“That? That’s The Whispering Pines, the country club-house, where—”

He didn’t wait for the end of the sentence, but plunged into the thickest group of people he could find, with a determination greater than ever to turn those bottles over before he ate.

His manner of going about this was characteristic. Lounging about the stalls until he found just the sort of old codger he wanted, he scraped up an acquaintance with him on the spot, and succeeded in making himself so agreeable that when the old fellow sauntered back to the stables to take a look at his horse, Sweetwater accompanied him. Hanging round the stable-door, he kept up his chatter, while sizing up the bottles heaped in the cart at his side. He even allowed himself to touch one or two in an absent way, and was meditating an accidental upset of the whole collection when a woman he had not seen before, thrust her head out of a rear window, shouting sharply:

“Leave those bottles alone. They’re waiting for the old clothes man. He pays us money for them.”

Sweetwater gaped and strolled away. He had used his eyes to purpose, and was quite assured that the bottle he wanted was not there. But the woman’s words had given him his cue, and when later in the day a certain old Jew peddler went his rounds through this portion of the city, a disreputable-looking fellow accompanied him, whom even the sharp landlady in Cuthbert Road would have failed to recognise as the same man who had occupied the snuggery the night before. He was many hours on the route and had many new experiences with human nature. But he gained little else, and was considering with what words he should acknowledge his defeat at police headquarters, when he found himself again at the markets and a minute later in the alley where the cart stood, with the contents of which he had busied himself earlier in the day.

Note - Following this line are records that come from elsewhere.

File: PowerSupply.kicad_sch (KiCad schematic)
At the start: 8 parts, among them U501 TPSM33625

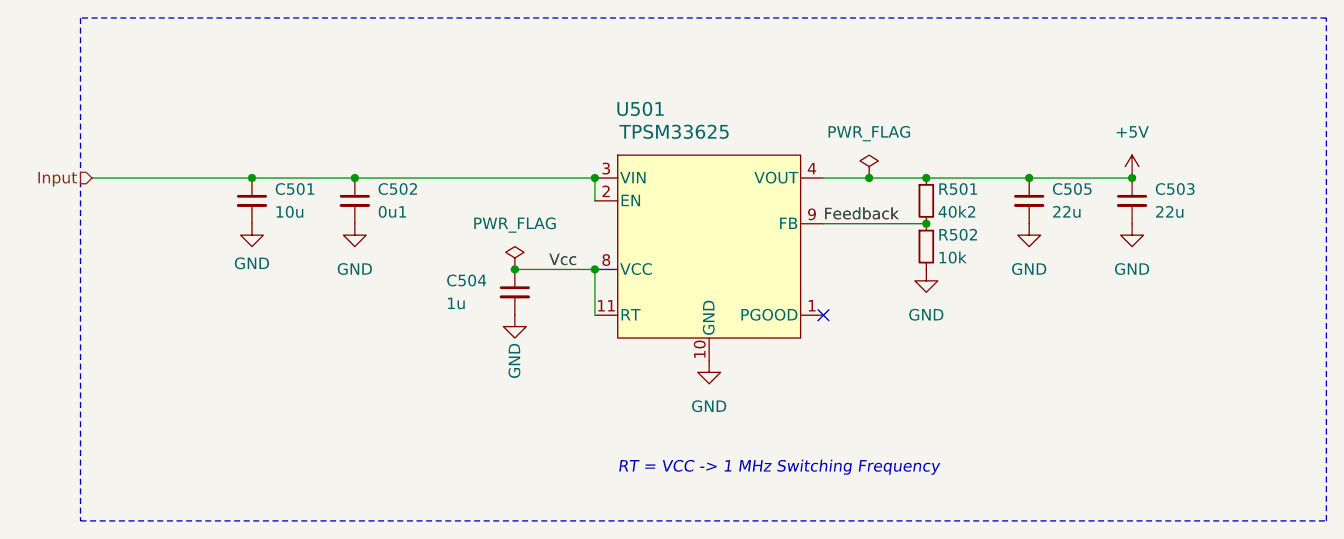
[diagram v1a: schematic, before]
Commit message: Update DCDC
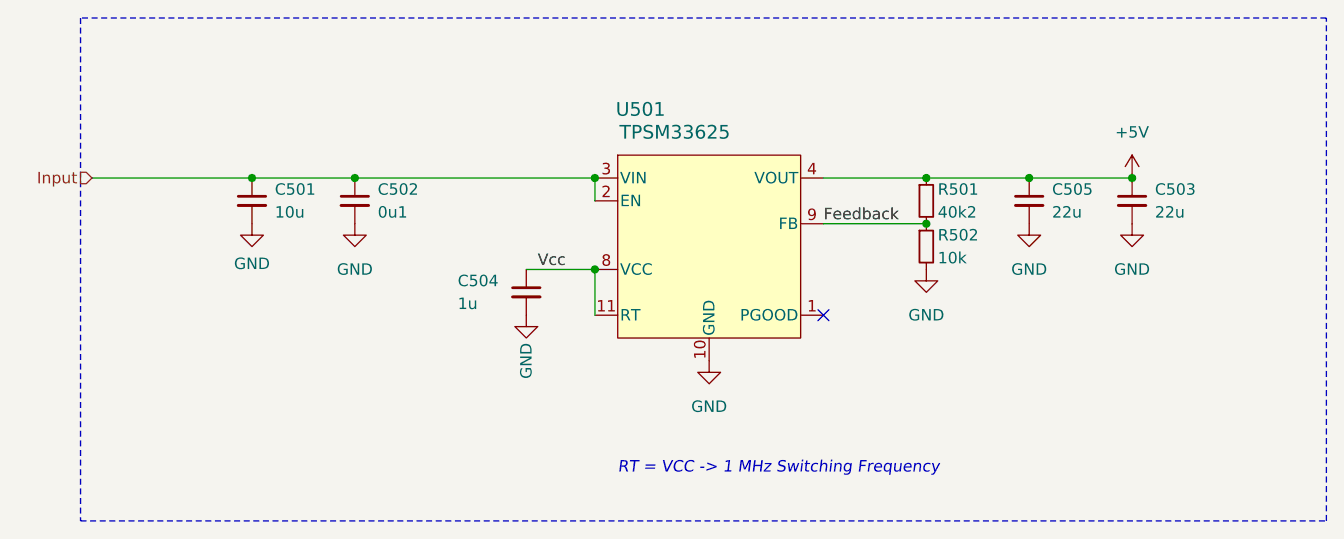
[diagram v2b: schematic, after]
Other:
- moved on the sheet: C504
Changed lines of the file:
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@@
 	(title_block
 		(title "Power Supply")
-		(date "2023-08-08")
-		(rev "2")
+		(date "2024-03-28")
+		(rev "3")
 		(company "+5V")
 	)
@@
 	)
 	(junction
-		(at 176.53 96.52)
-		(diameter 0)
-		(color 0 0 0 0)
-	)
-	(junction
-		(at 137.16 106.68)
-		(diameter 0)
-		(color 0 0 0 0)
-	)
-	(junction
 		(at 182.88 96.52)
 		(diameter 0)
@@
 	(wire
 		(pts
-			(xy 137.16 106.68) (xy 146.05 106.68)
+			(xy 138.43 106.68) (xy 146.05 106.68)
 		)
 		(stroke
@@
 	(wire
 		(pts
-			(xy 176.53 96.52) (xy 182.88 96.52)
+			(xy 107.95 96.52) (xy 119.38 96.52)
 		)
 		(stroke
@@
 	(wire
 		(pts
-			(xy 107.95 96.52) (xy 119.38 96.52)
+			(xy 171.45 101.6) (xy 182.88 101.6)
 		)
 		(stroke
@@
 	(wire
 		(pts
-			(xy 171.45 101.6) (xy 182.88 101.6)
+			(xy 194.31 96.52) (xy 205.74 96.52)
 		)
 		(stroke
@@
 	(wire
 		(pts
-			(xy 194.31 96.52) (xy 205.74 96.52)
-		)
-		(stroke
-			(width 0)
-			(type default)
-		)
-	)
-	(wire
-		(pts
-			(xy 171.45 96.52) (xy 176.53 96.52)
+			(xy 171.45 96.52) (xy 182.88 96.52)
 		)
 		(stroke
@@
 	)
 	(label "Vcc"
-		(at 140.97 106.68 0)
+		(at 139.7 106.68 0)
 		(fields_autoplaced yes)
 		(effects
@@
 					(unit 1)
 				)
+				(path "/6c8448b4-b04d-47e1-934e-e40cbe27a7be"
+					(reference "#PWR0508")
+					(unit 1)
+				)
 			)
 		)
@@
 	(symbol
 		(lib_id "power:GND")
-		(at 137.16 111.76 0)
+		(at 138.43 111.76 0)
 		(unit 1)
 		(exclude_from_sim no)
@@
 		(dnp no)
 		(property "Reference" "#PWR0506"
-			(at 137.16 118.11 0)
+			(at 138.43 118.11 0)
 			(effects
 				(font
@@
 		)
 		(property "Value" "GND"
-			(at 137.16 116.84 90)
+			(at 138.43 116.84 90)
 			(effects
 				(font
@@
 		)
 		(property "Footprint" ""
-			(at 137.16 111.76 0)
+			(at 138.43 111.76 0)
 			(effects
 				(font
@@
 		)
 		(property "Datasheet" ""
-			(at 137.16 111.76 0)
-			(effects
-				(font
-					(size 1.27 1.27)
-				)
-				(hide yes)
-			)
-		)
-		(property "Description" ""
-			(at 137.16 111.76 0)
-			(effects
-				(font
-					(size 1.27 1.27)
-				)
-				(hide yes)
-			)
-		)
-		(pin "1"
-		)
-		(instances
-			(project "control"
-				(path "/6c8448b4-b04d-47e1-934e-e40cbe27a7be/24a9dc0c-cb3c-464a-a734-f09bf949d71a"
+			(at 138.43 111.76 0)
+			(effects
+				(font
+					(size 1.27 1.27)
+				)
+				(hide yes)
+			)
+		)
+		(property "Description" ""
+			(at 138.43 111.76 0)
+			(effects
+				(font
+					(size 1.27 1.27)
+				)
+				(hide yes)
+			)
+		)
+		(pin "1"
+		)
+		(instances
+			(project "control"
+				(path "/6c8448b4-b04d-47e1-934e-e40cbe27a7be/24a9dc0c-cb3c-464a-a734-f09bf949d71a"
+					(reference "#PWR0506")
+					(unit 1)
+				)
+				(path "/6c8448b4-b04d-47e1-934e-e40cbe27a7be"
 					(reference "#PWR0506")
 					(unit 1)
@@
 					(unit 1)
 				)
+				(path "/6c8448b4-b04d-47e1-934e-e40cbe27a7be"
+					(reference "R502")
+					(unit 1)
+				)
 			)
 		)
@@
 					(unit 1)
 				)
+				(path "/6c8448b4-b04d-47e1-934e-e40cbe27a7be"
+					(reference "U501")
+					(unit 1)
+				)
 			)
 		)
@@
 					(unit 1)
 				)
+				(path "/6c8448b4-b04d-47e1-934e-e40cbe27a7be"
+					(reference "R501")
+					(unit 1)
+				)
 			)
 		)
@@
 					(unit 1)
 				)
+				(path "/6c8448b4-b04d-47e1-934e-e40cbe27a7be"
+					(reference "#PWR0505")
+					(unit 1)
+				)
 			)
 		)
@@
 					(unit 1)
 				)
+				(path "/6c8448b4-b04d-47e1-934e-e40cbe27a7be"
+					(reference "#PWR0503")
+					(unit 1)
+				)
 			)
 		)
@@
 					(unit 1)
 				)
+				(path "/6c8448b4-b04d-47e1-934e-e40cbe27a7be"
+					(reference "C501")
+					(unit 1)
+				)
 			)
 		)
@@
 	(symbol
 		(lib_id "Device:C_Small")
-		(at 137.16 109.22 0)
+		(at 138.43 109.22 0)
 		(unit 1)
 		(exclude_from_sim no)
@@
 		(dnp no)
 		(property "Reference" "C504"
-			(at 129.54 107.95 0)
+			(at 130.81 107.95 0)
 			(effects
 				(font
@@
 		)
 		(property "Value" "1u"
-			(at 129.54 110.49 0)
+			(at 130.81 110.49 0)
 			(effects
 				(font
@@
 		)
 		(property "Footprint" "Capacitor_SMD:C_0603_1608Metric"
-			(at 137.16 109.22 0)
+			(at 138.43 109.22 0)
 			(effects
 				(font
@@
 		)
 		(property "Datasheet" "~"
-			(at 137.16 109.22 0)
-			(effects
-				(font
-					(size 1.27 1.27)
-				)
-				(hide yes)
-			)
-		)
-		(property "Description" ""
-			(at 137.16 109.22 0)
+			(at 138.43 109.22 0)
+			(effects
+				(font
+					(size 1.27 1.27)
+				)
+				(hide yes)
+			)
+		)
+		(property "Description" ""
+			(at 138.43 109.22 0)
 			(effects
 				(font
@@
 			(project "control"
 				(path "/6c8448b4-b04d-47e1-934e-e40cbe27a7be/24a9dc0c-cb3c-464a-a734-f09bf949d71a"
+					(reference "C504")
+					(unit 1)
+				)
+				(path "/6c8448b4-b04d-47e1-934e-e40cbe27a7be"
 					(reference "C504")
 					(unit 1)
@@
 					(unit 1)
 				)
-			)
-		)
-	)
-	(symbol
-		(lib_id "power:PWR_FLAG")
-		(at 137.16 106.68 0)
-		(unit 1)
-		(exclude_from_sim no)
-		(in_bom yes)
-		(on_board yes)
-		(dnp no)
-		(fields_autoplaced yes)
-		(property "Reference" "#FLG0502"
-			(at 137.16 104.775 0)
-			(effects
-				(font
-					(size 1.27 1.27)
-				)
-				(hide yes)
-			)
-		)
-		(property "Value" "PWR_FLAG"
-			(at 137.16 101.6 0)
-			(effects
-				(font
-					(size 1.27 1.27)
-				)
-			)
-		)
-		(property "Footprint" ""
-			(at 137.16 106.68 0)
-			(effects
-				(font
-					(size 1.27 1.27)
-				)
-				(hide yes)
-			)
-		)
-		(property "Datasheet" "~"
-			(at 137.16 106.68 0)
-			(effects
-				(font
-					(size 1.27 1.27)
-				)
-				(hide yes)
-			)
-		)
-		(property "Description" ""
-			(at 137.16 106.68 0)
-			(effects
-				(font
-					(size 1.27 1.27)
-				)
-				(hide yes)
-			)
-		)
-		(pin "1"
-		)
-		(instances
-			(project "control"
-				(path "/6c8448b4-b04d-47e1-934e-e40cbe27a7be/24a9dc0c-cb3c-464a-a734-f09bf949d71a"
-					(reference "#FLG0502")
+				(path "/6c8448b4-b04d-47e1-934e-e40cbe27a7be"
+					(reference "C505")
 					(unit 1)
 				)
@@
 					(unit 1)
 				)
+				(path "/6c8448b4-b04d-47e1-934e-e40cbe27a7be"
+					(reference "C502")
+					(unit 1)
+				)
 			)
 		)
@@
 					(unit 1)
 				)
+				(path "/6c8448b4-b04d-47e1-934e-e40cbe27a7be"
+					(reference "#PWR0502")
+					(unit 1)
+				)
 			)
 		)
@@
 					(unit 1)
 				)
-			)
-		)
-	)
-	(symbol
-		(lib_id "power:PWR_FLAG")
-		(at 176.53 96.52 0)
-		(unit 1)
-		(exclude_from_sim no)
-		(in_bom yes)
-		(on_board yes)
-		(dnp no)
-		(fields_autoplaced yes)
-		(property "Reference" "#FLG0501"
-			(at 176.53 94.615 0)
-			(effects
-				(font
-					(size 1.27 1.27)
-				)
-				(hide yes)
-			)
-		)
-		(property "Value" "PWR_FLAG"
-			(at 176.53 91.44 0)
-			(effects
-				(font
-					(size 1.27 1.27)
-				)
-			)
-		)
-		(property "Footprint" ""
-			(at 176.53 96.52 0)
-			(effects
-				(font
-					(size 1.27 1.27)
-				)
-				(hide yes)
-			)
-		)
-		(property "Datasheet" "~"
-			(at 176.53 96.52 0)
-			(effects
-				(font
-					(size 1.27 1.27)
-				)
-				(hide yes)
-			)
-		)
-		(property "Description" ""
-			(at 176.53 96.52 0)
-			(effects
-				(font
-					(size 1.27 1.27)
-				)
-				(hide yes)
-			)
-		)
-		(pin "1"
-		)
-		(instances
-			(project "control"
-				(path "/6c8448b4-b04d-47e1-934e-e40cbe27a7be/24a9dc0c-cb3c-464a-a734-f09bf949d71a"
-					(reference "#FLG0501")
+				(path "/6c8448b4-b04d-47e1-934e-e40cbe27a7be"
+					(reference "#PWR0504")
 					(unit 1)
 				)
@@
 					(unit 1)
 				)
+				(path "/6c8448b4-b04d-47e1-934e-e40cbe27a7be"
+					(reference "#PWR0501")
+					(unit 1)
+				)
 			)
 		)
@@
 					(unit 1)
 				)
+				(path "/6c8448b4-b04d-47e1-934e-e40cbe27a7be"
+					(reference "#PWR0507")
+					(unit 1)
+				)
 			)
 		)
@@
 					(reference "C503")
 					(unit 1)
+				)
+				(path "/6c8448b4-b04d-47e1-934e-e40cbe27a7be"
+					(reference "C503")
+					(unit 1)

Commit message: Refresh
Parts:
- renumbered C505 to C503, C503 to C504, C504 to C505

He had followed the peddler here because he had followed him to every other back door and alley. But he was tired and had small interest in the cart which looked quite undisturbed and in exactly the same condition as when he turned his back upon it in the morning. But when he drew nearer and began to lend a hand in removing the bottles to the waggon, he discovered that a bottle had been added to the pile, and that this bottle bore the label which marked it as being one of the two which had been taken from the club-house on the night of the murder.

XVII
“MUST I TELL THESE THINGS?”

Had I but died an hour before this chance,
I had liv’d a blessed time; for from this instant,
There’s nothing serious in mortality:
All is but toys; renown, and grace is dead;
The wine of life is drawn, and the lees
Is left this vault to brag of.

Macbeth.

The lamp in the coroner’s room shone dully on the perturbed faces of three anxious men. They had been talking earnestly and long, but were now impatiently awaiting the appearance of a fourth party, as was shown by the glances which each threw from time to time towards the door leading into the main corridor.